Assignment: Please write out only the lines from the line with "line L0 (10.25, 24.25) -> (10.25, 16.4365)" to the line with "Created: 2024-05-04", inclusive, exactly as they stand below, without the pictures.

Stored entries

◆ ◆ ◆

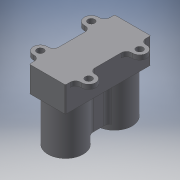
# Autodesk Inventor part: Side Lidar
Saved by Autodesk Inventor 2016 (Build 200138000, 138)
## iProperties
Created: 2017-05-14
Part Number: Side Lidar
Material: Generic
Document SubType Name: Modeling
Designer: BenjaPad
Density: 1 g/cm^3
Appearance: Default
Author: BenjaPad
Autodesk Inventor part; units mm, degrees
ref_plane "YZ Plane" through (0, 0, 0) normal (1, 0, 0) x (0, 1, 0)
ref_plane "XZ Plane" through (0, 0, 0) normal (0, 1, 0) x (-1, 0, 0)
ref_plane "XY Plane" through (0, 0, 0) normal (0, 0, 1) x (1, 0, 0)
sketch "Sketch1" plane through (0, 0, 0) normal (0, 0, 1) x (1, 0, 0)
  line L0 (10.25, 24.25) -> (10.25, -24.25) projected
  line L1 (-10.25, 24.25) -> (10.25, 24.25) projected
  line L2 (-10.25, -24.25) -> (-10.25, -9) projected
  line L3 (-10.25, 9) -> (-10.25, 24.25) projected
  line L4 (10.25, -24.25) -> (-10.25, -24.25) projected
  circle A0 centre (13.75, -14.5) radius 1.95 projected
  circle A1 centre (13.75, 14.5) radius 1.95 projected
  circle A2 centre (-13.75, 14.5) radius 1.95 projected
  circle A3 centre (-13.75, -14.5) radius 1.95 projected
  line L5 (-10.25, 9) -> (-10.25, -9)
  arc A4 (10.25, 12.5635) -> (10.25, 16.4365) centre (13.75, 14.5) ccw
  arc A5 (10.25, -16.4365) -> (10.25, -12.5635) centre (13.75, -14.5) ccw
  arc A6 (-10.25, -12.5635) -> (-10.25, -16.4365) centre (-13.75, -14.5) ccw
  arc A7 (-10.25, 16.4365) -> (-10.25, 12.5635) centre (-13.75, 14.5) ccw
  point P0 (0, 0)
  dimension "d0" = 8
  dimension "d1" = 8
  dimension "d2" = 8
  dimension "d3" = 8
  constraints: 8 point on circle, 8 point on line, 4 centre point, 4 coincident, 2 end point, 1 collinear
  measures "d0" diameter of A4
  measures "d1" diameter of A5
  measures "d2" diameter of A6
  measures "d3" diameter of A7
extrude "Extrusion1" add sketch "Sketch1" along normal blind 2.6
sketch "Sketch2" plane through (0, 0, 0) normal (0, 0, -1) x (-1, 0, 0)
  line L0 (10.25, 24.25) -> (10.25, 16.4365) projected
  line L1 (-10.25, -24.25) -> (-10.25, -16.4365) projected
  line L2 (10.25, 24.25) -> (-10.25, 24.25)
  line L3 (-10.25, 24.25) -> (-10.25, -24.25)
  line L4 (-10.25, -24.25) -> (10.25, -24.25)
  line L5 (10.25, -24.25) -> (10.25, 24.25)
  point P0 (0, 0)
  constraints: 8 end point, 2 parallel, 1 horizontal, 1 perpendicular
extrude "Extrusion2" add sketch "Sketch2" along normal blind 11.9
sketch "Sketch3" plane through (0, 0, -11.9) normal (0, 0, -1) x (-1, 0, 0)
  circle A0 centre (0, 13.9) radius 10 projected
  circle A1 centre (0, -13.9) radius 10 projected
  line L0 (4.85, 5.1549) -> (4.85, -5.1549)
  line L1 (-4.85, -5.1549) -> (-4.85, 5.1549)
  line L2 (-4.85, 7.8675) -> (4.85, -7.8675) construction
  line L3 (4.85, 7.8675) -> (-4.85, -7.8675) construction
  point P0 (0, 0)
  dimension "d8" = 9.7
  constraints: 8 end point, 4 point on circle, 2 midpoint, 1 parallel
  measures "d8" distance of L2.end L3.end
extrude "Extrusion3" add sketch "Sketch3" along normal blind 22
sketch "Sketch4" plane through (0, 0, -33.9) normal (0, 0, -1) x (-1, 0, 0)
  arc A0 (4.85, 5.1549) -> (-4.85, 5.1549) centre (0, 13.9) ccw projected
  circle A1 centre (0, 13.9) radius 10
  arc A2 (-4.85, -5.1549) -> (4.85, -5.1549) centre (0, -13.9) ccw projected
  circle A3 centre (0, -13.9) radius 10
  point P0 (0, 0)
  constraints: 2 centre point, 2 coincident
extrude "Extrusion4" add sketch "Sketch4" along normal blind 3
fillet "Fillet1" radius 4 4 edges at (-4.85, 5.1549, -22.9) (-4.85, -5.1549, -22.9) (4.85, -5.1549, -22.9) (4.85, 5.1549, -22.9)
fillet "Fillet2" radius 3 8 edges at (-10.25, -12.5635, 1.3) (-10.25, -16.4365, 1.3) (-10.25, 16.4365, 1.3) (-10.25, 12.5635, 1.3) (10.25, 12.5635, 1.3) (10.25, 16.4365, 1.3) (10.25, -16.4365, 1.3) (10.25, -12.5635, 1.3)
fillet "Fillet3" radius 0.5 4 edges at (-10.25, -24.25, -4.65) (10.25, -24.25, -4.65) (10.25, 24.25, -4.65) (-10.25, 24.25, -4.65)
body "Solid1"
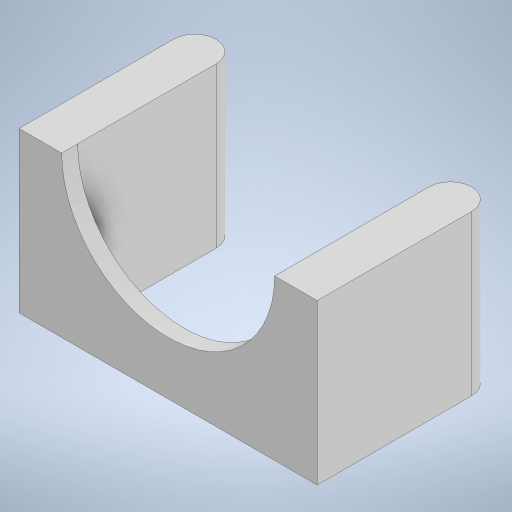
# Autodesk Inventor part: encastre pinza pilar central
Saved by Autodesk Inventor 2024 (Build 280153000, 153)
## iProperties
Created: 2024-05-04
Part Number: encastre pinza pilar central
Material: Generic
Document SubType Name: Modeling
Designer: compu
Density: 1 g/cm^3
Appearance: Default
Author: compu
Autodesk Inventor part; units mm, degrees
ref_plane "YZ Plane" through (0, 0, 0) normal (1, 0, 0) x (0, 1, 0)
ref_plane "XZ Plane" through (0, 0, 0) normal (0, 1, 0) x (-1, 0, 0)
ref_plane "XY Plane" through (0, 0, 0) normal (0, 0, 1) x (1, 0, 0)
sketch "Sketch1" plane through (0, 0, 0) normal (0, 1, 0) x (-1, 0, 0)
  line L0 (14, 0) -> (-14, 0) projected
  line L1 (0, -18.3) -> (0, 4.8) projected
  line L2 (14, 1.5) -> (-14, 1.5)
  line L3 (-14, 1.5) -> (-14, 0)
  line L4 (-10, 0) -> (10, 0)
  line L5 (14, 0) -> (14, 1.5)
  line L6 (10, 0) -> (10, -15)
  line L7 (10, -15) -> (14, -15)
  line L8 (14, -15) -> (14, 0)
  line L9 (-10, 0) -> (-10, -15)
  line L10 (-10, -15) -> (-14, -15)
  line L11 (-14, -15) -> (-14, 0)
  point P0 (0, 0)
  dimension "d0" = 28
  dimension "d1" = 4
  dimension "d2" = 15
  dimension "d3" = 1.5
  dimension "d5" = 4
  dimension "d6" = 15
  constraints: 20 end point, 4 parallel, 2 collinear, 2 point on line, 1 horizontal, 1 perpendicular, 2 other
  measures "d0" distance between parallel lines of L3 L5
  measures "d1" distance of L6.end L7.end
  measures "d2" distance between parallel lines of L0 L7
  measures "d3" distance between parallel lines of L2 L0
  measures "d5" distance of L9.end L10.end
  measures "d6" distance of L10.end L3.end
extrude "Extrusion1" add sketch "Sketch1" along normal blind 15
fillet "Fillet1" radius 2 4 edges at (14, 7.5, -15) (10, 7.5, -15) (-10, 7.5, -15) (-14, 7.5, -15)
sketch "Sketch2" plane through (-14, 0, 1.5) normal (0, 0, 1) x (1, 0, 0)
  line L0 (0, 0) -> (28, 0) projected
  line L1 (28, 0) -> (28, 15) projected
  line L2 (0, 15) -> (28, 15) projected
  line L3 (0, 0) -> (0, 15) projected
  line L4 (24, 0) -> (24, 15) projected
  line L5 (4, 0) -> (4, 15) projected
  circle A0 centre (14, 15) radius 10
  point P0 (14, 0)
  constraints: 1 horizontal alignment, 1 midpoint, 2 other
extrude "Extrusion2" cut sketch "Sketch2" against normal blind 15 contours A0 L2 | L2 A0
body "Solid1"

◆ ◆ ◆

Solved problem:
  line L0 (10.25, 24.25) -> (10.25, 16.4365) projected
  line L1 (-10.25, -24.25) -> (-10.25, -16.4365) projected
  line L2 (10.25, 24.25) -> (-10.25, 24.25)
  line L3 (-10.25, 24.25) -> (-10.25, -24.25)
  line L4 (-10.25, -24.25) -> (10.25, -24.25)
  line L5 (10.25, -24.25) -> (10.25, 24.25)
  point P0 (0, 0)
  constraints: 8 end point, 2 parallel, 1 horizontal, 1 perpendicular
extrude "Extrusion2" add sketch "Sketch2" along normal blind 11.9
sketch "Sketch3" plane through (0, 0, -11.9) normal (0, 0, -1) x (-1, 0, 0)
  circle A0 centre (0, 13.9) radius 10 projected
  circle A1 centre (0, -13.9) radius 10 projected
  line L0 (4.85, 5.1549) -> (4.85, -5.1549)
  line L1 (-4.85, -5.1549) -> (-4.85, 5.1549)
  line L2 (-4.85, 7.8675) -> (4.85, -7.8675) construction
  line L3 (4.85, 7.8675) -> (-4.85, -7.8675) construction
  point P0 (0, 0)
  dimension "d8" = 9.7
  constraints: 8 end point, 4 point on circle, 2 midpoint, 1 parallel
  measures "d8" distance of L2.end L3.end
extrude "Extrusion3" add sketch "Sketch3" along normal blind 22
sketch "Sketch4" plane through (0, 0, -33.9) normal (0, 0, -1) x (-1, 0, 0)
  arc A0 (4.85, 5.1549) -> (-4.85, 5.1549) centre (0, 13.9) ccw projected
  circle A1 centre (0, 13.9) radius 10
  arc A2 (-4.85, -5.1549) -> (4.85, -5.1549) centre (0, -13.9) ccw projected
  circle A3 centre (0, -13.9) radius 10
  point P0 (0, 0)
  constraints: 2 centre point, 2 coincident
extrude "Extrusion4" add sketch "Sketch4" along normal blind 3
fillet "Fillet1" radius 4 4 edges at (-4.85, 5.1549, -22.9) (-4.85, -5.1549, -22.9) (4.85, -5.1549, -22.9) (4.85, 5.1549, -22.9)
fillet "Fillet2" radius 3 8 edges at (-10.25, -12.5635, 1.3) (-10.25, -16.4365, 1.3) (-10.25, 16.4365, 1.3) (-10.25, 12.5635, 1.3) (10.25, 12.5635, 1.3) (10.25, 16.4365, 1.3) (10.25, -16.4365, 1.3) (10.25, -12.5635, 1.3)
fillet "Fillet3" radius 0.5 4 edges at (-10.25, -24.25, -4.65) (10.25, -24.25, -4.65) (10.25, 24.25, -4.65) (-10.25, 24.25, -4.65)
body "Solid1"
# Autodesk Inventor part: encastre pinza pilar central
Saved by Autodesk Inventor 2024 (Build 280153000, 153)
## iProperties
Created: 2024-05-04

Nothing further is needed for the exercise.